== Records ==

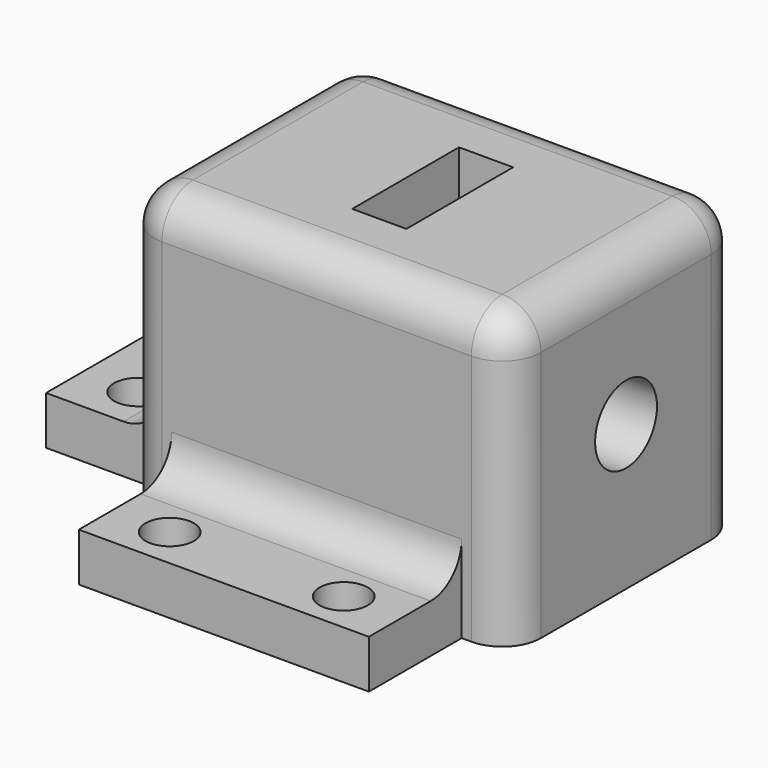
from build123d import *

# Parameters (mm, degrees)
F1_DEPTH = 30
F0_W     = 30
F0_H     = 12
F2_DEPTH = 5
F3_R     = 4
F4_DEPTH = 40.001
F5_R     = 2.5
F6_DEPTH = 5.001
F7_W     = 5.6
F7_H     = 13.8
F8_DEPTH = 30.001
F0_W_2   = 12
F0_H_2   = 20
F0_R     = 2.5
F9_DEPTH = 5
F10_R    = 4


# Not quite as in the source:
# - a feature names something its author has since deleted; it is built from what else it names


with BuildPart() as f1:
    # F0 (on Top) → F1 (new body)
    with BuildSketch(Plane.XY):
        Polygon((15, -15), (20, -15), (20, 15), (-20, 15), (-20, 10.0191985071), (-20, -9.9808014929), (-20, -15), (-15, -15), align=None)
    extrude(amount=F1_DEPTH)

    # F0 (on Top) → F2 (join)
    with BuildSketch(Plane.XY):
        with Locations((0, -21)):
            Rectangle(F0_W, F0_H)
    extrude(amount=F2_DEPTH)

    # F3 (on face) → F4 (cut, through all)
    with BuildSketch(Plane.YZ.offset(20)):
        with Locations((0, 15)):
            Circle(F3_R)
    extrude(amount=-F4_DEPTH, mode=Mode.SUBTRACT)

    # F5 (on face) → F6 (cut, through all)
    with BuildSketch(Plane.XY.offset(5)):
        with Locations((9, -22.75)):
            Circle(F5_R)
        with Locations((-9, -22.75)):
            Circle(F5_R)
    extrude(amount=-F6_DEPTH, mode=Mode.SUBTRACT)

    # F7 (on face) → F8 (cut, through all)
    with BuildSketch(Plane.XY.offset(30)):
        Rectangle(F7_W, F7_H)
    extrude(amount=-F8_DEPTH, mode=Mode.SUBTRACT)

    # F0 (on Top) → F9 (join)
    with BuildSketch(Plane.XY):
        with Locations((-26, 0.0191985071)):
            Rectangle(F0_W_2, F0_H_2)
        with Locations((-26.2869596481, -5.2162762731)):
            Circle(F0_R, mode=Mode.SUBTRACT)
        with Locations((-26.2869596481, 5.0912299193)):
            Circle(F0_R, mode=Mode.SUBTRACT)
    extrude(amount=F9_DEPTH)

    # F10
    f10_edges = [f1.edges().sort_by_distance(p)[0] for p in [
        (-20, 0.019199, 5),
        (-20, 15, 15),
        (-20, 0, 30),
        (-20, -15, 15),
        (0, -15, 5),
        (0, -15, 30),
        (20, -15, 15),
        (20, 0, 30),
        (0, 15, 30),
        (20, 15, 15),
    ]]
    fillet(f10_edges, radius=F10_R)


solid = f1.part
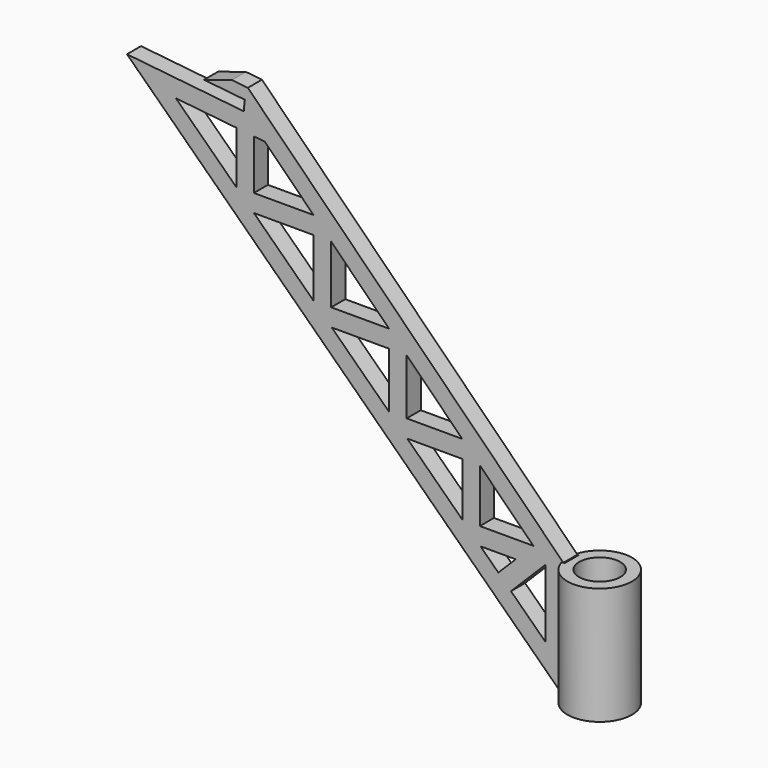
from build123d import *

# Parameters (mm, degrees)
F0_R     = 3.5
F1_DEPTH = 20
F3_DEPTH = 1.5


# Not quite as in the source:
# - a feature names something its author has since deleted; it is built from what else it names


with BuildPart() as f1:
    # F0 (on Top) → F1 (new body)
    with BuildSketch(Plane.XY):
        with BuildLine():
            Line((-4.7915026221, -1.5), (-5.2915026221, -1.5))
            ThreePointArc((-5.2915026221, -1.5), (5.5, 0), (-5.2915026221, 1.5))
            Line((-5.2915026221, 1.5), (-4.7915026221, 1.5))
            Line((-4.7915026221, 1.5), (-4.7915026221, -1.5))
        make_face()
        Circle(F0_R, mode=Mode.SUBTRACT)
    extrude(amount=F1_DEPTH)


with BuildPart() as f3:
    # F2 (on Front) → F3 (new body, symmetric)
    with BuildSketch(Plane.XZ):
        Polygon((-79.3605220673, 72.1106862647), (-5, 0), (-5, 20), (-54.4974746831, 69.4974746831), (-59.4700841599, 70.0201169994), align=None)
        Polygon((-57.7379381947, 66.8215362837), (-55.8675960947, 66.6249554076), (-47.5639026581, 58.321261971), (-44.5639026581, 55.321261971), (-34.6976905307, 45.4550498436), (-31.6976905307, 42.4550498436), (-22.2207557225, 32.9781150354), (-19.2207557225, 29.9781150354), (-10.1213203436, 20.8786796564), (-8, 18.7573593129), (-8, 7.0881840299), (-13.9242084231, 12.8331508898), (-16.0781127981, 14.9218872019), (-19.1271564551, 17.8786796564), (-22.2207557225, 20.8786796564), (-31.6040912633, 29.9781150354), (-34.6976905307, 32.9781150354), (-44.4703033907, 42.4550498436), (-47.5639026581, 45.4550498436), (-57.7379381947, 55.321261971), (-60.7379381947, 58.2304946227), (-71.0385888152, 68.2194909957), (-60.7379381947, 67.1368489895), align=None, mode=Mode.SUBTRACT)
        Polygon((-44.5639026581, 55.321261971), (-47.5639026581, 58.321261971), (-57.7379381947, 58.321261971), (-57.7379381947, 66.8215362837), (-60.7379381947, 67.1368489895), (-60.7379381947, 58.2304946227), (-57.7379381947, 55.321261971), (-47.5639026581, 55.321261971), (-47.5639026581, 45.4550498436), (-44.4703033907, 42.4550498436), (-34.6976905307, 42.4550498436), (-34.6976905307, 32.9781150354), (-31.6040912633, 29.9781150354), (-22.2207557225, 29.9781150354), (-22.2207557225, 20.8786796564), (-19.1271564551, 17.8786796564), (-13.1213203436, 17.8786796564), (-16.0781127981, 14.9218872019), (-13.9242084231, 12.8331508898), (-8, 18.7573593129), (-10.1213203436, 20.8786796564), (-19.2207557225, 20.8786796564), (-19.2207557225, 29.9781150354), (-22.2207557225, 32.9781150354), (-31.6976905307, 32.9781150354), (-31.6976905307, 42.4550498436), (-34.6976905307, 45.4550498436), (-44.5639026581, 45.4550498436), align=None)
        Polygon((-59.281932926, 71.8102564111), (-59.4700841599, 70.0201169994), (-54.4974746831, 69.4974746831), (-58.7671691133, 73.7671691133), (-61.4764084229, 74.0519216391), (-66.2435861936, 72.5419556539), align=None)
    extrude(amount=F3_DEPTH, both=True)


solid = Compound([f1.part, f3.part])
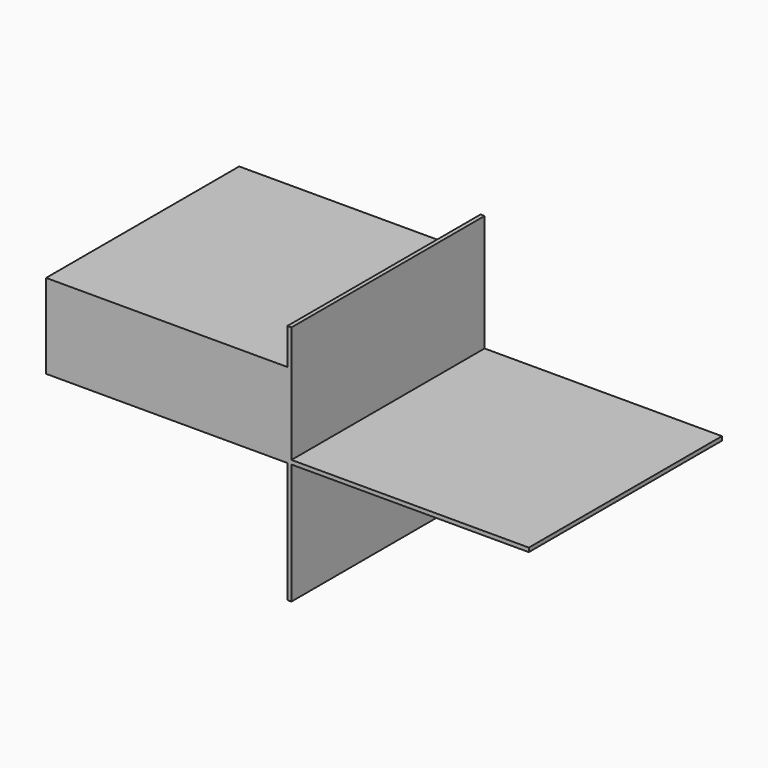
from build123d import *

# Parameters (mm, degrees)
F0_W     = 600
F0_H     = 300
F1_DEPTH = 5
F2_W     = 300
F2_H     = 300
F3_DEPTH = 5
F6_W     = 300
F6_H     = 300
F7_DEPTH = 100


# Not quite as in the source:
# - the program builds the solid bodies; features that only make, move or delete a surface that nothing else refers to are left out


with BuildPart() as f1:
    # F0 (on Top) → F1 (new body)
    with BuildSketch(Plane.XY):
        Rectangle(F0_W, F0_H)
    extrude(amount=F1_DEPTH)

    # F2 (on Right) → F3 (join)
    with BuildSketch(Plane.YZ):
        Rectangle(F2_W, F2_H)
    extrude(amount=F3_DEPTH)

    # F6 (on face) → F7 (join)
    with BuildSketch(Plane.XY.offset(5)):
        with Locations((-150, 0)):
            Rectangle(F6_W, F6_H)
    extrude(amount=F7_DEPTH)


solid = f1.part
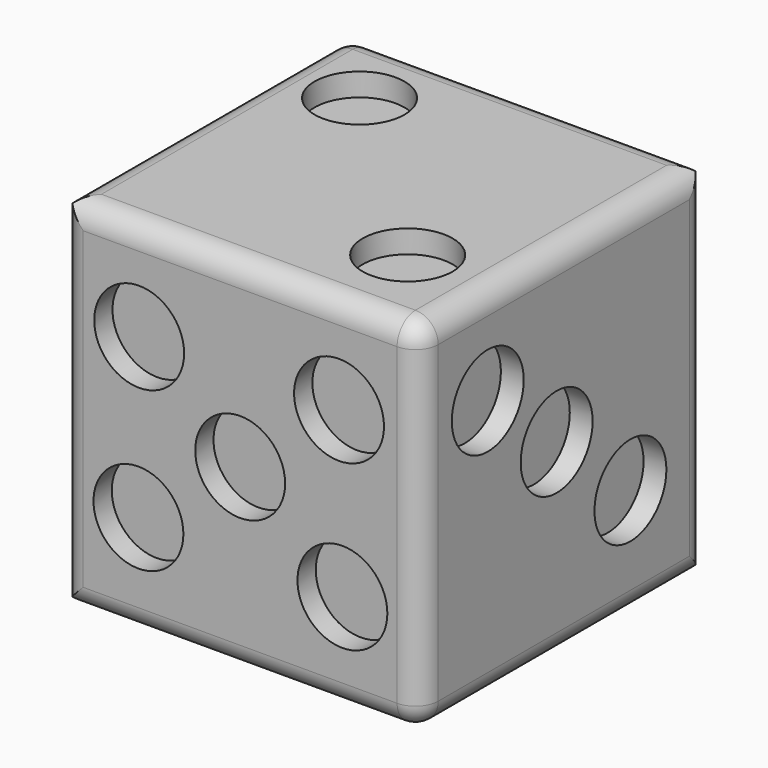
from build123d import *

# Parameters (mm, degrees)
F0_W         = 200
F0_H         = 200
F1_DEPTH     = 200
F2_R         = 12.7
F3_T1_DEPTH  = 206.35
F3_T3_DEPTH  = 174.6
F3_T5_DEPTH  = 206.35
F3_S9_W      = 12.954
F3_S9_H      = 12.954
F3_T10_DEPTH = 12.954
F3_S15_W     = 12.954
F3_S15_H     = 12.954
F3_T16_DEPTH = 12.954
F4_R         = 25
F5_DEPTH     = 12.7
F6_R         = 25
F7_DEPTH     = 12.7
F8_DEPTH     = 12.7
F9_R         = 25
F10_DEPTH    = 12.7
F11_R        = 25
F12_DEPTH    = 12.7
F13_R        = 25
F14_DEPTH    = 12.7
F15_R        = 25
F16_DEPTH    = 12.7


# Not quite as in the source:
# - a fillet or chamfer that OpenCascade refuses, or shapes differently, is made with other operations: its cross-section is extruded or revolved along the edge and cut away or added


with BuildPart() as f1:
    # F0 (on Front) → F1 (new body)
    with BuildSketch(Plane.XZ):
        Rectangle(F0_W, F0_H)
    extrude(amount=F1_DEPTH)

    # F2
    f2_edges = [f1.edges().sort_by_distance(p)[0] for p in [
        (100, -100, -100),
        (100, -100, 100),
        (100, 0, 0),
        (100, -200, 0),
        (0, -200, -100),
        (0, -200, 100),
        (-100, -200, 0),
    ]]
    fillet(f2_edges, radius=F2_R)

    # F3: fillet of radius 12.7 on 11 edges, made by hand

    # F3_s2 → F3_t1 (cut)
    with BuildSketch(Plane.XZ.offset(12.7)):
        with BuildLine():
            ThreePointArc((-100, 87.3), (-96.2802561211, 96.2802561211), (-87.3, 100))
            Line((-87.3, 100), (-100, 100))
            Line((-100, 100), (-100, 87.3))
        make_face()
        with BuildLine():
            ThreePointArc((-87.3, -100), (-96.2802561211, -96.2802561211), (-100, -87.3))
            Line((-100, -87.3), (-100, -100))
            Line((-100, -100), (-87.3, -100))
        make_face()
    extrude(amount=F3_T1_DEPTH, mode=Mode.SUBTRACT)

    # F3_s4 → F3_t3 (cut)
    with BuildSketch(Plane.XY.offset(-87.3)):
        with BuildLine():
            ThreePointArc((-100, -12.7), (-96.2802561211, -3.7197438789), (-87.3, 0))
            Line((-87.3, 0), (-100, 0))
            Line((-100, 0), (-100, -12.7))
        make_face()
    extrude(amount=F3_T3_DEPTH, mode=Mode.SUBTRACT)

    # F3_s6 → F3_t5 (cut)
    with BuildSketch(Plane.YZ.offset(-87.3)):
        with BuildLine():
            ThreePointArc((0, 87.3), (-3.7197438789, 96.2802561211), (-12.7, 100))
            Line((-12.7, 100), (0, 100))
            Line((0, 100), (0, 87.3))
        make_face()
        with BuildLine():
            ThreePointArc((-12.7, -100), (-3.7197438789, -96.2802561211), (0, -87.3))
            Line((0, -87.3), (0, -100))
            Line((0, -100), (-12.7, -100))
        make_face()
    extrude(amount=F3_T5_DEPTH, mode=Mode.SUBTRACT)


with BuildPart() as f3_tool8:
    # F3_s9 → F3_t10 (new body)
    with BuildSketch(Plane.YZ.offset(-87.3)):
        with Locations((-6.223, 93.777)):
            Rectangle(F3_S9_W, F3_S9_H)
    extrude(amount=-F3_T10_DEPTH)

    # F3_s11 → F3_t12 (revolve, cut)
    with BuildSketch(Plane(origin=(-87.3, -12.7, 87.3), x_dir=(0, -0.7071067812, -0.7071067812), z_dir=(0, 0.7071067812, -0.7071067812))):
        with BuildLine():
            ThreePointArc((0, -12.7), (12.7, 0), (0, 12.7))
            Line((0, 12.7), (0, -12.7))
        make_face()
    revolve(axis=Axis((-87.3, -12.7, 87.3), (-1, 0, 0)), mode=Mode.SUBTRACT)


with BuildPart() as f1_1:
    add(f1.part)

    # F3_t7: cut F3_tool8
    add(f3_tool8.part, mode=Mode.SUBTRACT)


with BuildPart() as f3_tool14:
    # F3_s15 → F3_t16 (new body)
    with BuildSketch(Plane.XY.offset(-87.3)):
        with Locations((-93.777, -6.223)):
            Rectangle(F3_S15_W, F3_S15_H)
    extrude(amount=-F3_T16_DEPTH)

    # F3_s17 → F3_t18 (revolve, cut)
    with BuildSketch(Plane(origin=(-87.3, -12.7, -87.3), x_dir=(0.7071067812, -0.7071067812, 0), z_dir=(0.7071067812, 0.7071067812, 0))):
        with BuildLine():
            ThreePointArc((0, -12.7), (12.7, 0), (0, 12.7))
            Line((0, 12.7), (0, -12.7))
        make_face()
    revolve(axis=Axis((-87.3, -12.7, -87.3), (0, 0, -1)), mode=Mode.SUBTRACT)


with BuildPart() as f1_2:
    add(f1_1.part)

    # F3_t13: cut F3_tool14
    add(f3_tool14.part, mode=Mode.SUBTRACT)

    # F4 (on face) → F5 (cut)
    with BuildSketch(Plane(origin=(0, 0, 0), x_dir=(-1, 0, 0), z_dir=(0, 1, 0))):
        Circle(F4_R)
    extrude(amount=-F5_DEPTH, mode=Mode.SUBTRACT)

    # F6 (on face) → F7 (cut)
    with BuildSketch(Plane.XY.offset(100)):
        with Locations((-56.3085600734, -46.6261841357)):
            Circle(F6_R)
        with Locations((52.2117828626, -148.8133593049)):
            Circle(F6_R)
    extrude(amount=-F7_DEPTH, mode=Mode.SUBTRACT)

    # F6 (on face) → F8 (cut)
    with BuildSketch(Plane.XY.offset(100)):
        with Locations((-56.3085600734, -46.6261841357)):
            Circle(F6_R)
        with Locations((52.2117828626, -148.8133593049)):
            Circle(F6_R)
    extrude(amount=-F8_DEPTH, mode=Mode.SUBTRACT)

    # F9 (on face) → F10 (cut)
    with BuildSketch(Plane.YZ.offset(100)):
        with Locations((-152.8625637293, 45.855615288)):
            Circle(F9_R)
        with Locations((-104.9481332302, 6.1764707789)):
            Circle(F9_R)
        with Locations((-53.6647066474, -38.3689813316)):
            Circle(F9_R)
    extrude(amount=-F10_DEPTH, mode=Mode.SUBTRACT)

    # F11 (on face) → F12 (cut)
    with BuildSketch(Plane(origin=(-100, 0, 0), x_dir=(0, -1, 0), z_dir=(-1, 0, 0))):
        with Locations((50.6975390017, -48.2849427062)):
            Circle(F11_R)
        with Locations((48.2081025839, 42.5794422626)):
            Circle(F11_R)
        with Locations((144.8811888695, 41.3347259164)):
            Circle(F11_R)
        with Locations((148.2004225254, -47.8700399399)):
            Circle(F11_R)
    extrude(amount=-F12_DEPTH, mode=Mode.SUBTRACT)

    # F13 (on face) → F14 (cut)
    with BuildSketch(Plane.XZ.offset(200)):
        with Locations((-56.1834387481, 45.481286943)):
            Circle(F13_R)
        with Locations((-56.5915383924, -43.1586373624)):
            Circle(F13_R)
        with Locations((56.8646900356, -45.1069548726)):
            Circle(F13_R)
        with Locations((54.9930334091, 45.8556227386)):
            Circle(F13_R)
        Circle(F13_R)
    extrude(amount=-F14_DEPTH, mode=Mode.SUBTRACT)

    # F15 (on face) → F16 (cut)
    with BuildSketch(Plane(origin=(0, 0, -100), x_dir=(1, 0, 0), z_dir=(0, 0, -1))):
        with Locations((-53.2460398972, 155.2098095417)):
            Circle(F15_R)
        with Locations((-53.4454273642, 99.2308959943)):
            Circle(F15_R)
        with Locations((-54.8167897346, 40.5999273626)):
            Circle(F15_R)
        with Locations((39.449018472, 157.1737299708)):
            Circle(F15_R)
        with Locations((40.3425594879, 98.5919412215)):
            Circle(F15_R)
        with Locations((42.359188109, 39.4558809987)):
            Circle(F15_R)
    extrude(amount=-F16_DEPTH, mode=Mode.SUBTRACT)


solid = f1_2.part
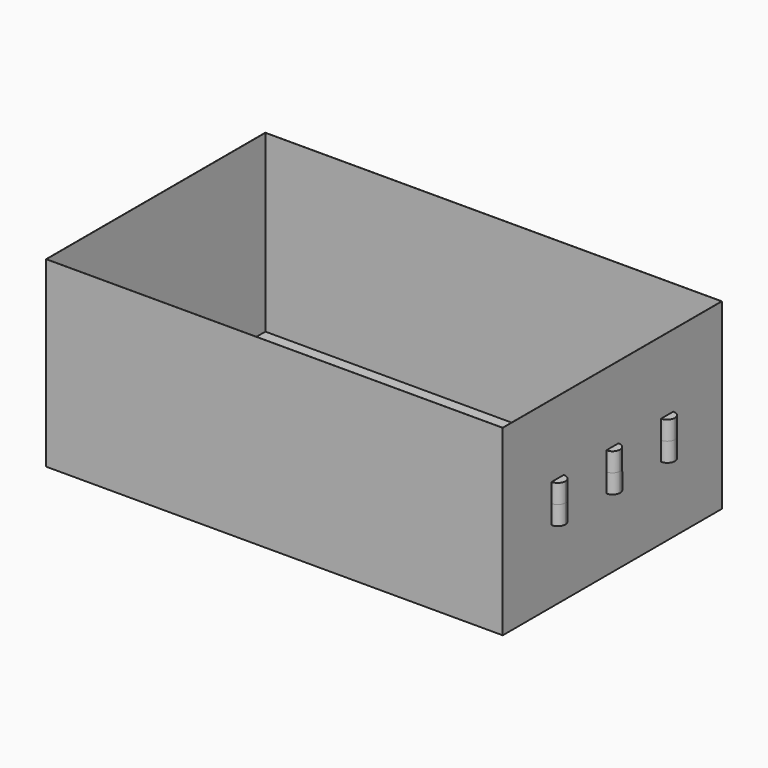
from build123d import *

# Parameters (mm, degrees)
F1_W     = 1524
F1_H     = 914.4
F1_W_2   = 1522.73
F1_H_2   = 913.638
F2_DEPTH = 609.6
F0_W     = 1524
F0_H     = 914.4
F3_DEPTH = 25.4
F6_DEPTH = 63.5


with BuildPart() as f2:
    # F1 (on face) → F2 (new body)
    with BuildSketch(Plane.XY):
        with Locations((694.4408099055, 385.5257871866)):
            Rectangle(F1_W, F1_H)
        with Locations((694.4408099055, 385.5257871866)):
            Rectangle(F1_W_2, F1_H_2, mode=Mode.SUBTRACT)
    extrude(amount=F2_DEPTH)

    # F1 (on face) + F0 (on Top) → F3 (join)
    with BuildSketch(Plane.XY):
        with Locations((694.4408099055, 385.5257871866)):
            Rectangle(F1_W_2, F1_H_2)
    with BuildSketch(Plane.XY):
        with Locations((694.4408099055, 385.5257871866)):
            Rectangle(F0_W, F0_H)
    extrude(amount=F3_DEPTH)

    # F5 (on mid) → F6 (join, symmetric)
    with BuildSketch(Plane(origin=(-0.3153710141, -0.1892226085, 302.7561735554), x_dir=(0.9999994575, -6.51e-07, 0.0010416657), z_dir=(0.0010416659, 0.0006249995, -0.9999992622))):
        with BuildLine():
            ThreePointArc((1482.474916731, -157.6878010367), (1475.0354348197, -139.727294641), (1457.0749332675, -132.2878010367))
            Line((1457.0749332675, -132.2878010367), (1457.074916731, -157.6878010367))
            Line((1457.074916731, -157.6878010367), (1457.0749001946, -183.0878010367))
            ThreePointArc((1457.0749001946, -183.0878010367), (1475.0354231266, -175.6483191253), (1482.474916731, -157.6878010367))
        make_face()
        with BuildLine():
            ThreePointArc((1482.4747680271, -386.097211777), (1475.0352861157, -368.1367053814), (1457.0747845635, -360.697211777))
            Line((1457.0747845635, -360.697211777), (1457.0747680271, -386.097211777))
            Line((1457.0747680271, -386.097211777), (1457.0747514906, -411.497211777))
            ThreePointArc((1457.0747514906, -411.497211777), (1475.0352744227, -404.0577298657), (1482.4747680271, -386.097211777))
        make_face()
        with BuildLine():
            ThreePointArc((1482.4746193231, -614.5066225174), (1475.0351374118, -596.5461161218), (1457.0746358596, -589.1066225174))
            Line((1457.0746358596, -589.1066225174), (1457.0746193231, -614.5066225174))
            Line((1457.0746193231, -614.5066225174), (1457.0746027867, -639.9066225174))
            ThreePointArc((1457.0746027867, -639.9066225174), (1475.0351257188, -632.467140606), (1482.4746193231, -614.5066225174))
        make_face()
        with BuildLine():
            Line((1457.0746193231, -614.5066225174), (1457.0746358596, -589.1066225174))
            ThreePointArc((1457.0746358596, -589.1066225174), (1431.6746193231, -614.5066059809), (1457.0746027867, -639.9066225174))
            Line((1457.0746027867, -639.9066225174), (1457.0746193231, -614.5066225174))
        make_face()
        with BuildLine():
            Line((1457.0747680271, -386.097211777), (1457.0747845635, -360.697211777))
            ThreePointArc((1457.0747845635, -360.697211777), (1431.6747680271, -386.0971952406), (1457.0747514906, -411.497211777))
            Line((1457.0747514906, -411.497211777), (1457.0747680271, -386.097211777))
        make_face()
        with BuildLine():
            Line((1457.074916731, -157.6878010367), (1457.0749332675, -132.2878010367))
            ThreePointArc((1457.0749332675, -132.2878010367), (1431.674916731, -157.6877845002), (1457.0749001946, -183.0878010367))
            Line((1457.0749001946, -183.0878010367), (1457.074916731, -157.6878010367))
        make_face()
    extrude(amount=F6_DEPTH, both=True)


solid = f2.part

===

#### Exercise details:
Copy out exactly the material that runs from the line with "F7_DEPTH = 100" to the line with "# - a fillet", ends included, and leave the pictures behind.

#### Written solution:
F7_DEPTH = 100


# Not quite as in the source:
# - the program builds the solid bodies; features that only make, move or delete a surface that nothing else refers to are left out


with BuildPart() as f1:
    # F0 (on Top) → F1 (new body)
    with BuildSketch(Plane.XY):
        Rectangle(F0_W, F0_H)
    extrude(amount=F1_DEPTH)

    # F2 (on Right) → F3 (join)
    with BuildSketch(Plane.YZ):
        Rectangle(F2_W, F2_H)
    extrude(amount=F3_DEPTH)

    # F6 (on face) → F7 (join)
    with BuildSketch(Plane.XY.offset(5)):
        with Locations((-150, 0)):
            Rectangle(F6_W, F6_H)
    extrude(amount=F7_DEPTH)


solid = f1.part
from build123d import *

# Parameters (mm, degrees)
F0_W         = 200
F0_H         = 200
F1_DEPTH     = 200
F2_R         = 12.7
F3_T1_DEPTH  = 206.35
F3_T3_DEPTH  = 174.6
F3_T5_DEPTH  = 206.35
F3_S9_W      = 12.954
F3_S9_H      = 12.954
F3_T10_DEPTH = 12.954
F3_S15_W     = 12.954
F3_S15_H     = 12.954
F3_T16_DEPTH = 12.954
F4_R         = 25
F5_DEPTH     = 12.7
F6_R         = 25
F7_DEPTH     = 12.7
F8_DEPTH     = 12.7
F9_R         = 25
F10_DEPTH    = 12.7
F11_R        = 25
F12_DEPTH    = 12.7
F13_R        = 25
F14_DEPTH    = 12.7
F15_R        = 25
F16_DEPTH    = 12.7


# Not quite as in the source:
# - a fillet or chamfer that OpenCascade refuses, or shapes differently, is made with other operations: its cross-section is extruded or revolved along the edge and cut away or added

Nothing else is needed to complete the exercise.